▶ What to do: For the material below, output exactly the span from the line with "#43=VECTOR('',#42,1.);" to the line with "#49=FACE_BOUND('',#48,.T.);", including both, and nothing besides.

+ + + + + + +

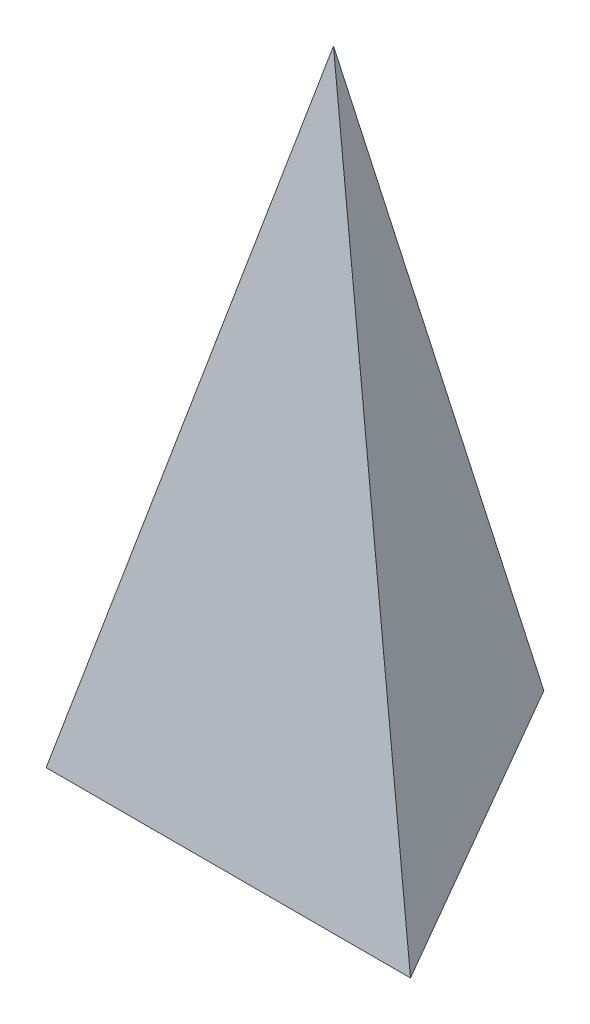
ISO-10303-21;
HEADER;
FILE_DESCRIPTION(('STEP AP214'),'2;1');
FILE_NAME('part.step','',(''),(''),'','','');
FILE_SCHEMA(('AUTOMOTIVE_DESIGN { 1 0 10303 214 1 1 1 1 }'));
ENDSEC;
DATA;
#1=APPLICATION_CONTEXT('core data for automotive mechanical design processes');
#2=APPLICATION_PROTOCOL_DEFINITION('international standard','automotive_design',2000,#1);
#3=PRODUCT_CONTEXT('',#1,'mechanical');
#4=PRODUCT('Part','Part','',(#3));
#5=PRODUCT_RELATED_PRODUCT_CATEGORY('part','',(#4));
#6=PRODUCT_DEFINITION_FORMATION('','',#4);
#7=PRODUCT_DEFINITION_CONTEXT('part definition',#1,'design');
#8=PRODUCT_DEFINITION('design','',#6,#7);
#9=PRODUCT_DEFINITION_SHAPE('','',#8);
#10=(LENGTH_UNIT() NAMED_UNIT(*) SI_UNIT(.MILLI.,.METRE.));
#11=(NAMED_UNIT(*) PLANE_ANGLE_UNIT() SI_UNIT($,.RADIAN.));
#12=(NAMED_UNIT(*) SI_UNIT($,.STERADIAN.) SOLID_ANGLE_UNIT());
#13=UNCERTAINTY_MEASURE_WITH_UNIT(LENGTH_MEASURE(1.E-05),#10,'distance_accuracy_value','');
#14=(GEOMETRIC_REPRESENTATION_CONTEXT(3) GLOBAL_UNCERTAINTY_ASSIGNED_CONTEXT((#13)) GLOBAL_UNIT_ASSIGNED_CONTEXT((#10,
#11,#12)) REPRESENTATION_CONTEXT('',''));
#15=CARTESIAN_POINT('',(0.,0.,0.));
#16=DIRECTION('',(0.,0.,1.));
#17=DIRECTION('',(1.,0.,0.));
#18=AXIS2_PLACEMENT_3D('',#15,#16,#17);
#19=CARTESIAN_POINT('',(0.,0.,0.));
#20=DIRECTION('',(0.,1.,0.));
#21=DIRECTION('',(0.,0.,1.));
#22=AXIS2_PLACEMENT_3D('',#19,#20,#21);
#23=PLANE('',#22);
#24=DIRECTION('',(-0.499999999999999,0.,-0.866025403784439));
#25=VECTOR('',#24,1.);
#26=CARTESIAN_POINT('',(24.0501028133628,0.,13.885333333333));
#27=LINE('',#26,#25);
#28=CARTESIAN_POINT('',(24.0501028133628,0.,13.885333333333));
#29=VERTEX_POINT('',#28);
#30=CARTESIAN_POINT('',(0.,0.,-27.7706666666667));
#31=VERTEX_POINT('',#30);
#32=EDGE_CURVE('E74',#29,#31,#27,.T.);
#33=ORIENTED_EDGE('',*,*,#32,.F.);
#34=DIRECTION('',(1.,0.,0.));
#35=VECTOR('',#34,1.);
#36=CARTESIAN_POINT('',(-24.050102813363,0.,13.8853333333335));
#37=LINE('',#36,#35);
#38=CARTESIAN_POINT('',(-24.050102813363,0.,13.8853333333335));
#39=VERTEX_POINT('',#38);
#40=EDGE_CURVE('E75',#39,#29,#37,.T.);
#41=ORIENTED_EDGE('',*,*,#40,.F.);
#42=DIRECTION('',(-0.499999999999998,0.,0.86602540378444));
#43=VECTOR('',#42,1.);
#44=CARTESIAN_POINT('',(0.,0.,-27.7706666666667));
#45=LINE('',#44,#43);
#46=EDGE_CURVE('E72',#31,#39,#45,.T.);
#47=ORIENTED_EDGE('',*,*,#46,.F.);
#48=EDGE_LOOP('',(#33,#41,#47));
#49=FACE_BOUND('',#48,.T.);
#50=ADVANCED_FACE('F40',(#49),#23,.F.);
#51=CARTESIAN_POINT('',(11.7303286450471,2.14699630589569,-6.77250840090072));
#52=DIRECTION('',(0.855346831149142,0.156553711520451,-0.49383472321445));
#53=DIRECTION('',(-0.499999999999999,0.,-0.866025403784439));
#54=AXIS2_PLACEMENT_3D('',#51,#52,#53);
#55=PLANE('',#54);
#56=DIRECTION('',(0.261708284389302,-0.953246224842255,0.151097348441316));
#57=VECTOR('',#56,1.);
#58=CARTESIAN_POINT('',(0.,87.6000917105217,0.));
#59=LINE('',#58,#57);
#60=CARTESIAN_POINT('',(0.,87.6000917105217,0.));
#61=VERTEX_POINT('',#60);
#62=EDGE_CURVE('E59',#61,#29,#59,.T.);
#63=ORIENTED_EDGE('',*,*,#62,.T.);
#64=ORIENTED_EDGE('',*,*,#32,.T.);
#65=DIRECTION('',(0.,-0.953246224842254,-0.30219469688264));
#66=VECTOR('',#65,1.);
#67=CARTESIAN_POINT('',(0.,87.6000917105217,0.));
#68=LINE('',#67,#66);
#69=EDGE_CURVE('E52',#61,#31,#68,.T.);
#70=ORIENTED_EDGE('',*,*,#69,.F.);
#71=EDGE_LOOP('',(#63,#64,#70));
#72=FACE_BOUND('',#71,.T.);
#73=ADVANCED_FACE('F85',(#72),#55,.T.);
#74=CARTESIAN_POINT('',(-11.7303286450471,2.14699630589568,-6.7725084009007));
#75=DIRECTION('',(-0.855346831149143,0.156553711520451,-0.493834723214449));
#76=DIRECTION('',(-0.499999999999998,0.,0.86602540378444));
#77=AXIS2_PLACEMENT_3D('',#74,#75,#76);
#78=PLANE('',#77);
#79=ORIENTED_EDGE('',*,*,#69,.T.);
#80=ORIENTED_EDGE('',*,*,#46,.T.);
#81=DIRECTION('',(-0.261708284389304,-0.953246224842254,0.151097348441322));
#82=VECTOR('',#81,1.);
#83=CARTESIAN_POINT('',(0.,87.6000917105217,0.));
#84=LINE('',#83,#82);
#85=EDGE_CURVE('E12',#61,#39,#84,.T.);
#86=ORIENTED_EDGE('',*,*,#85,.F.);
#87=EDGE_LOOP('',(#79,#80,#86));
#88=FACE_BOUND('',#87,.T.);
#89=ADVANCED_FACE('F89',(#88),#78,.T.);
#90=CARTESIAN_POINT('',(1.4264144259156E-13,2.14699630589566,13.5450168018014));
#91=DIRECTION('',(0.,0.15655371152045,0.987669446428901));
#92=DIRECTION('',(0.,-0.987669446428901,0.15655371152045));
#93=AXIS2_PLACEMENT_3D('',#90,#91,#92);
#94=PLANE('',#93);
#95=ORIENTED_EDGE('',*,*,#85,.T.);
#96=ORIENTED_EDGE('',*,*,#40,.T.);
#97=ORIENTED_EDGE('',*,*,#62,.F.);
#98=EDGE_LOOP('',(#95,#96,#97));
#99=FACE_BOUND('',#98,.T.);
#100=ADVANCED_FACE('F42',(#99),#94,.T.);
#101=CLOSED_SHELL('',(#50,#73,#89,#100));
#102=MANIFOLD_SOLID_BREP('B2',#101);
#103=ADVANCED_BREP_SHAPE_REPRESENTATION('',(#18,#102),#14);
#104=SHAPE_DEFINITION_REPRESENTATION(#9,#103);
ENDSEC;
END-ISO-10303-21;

+ + + + + + +

▶ Exercise result:
#43=VECTOR('',#42,1.);
#44=CARTESIAN_POINT('',(0.,0.,-27.7706666666667));
#45=LINE('',#44,#43);
#46=EDGE_CURVE('E72',#31,#39,#45,.T.);
#47=ORIENTED_EDGE('',*,*,#46,.F.);
#48=EDGE_LOOP('',(#33,#41,#47));
#49=FACE_BOUND('',#48,.T.);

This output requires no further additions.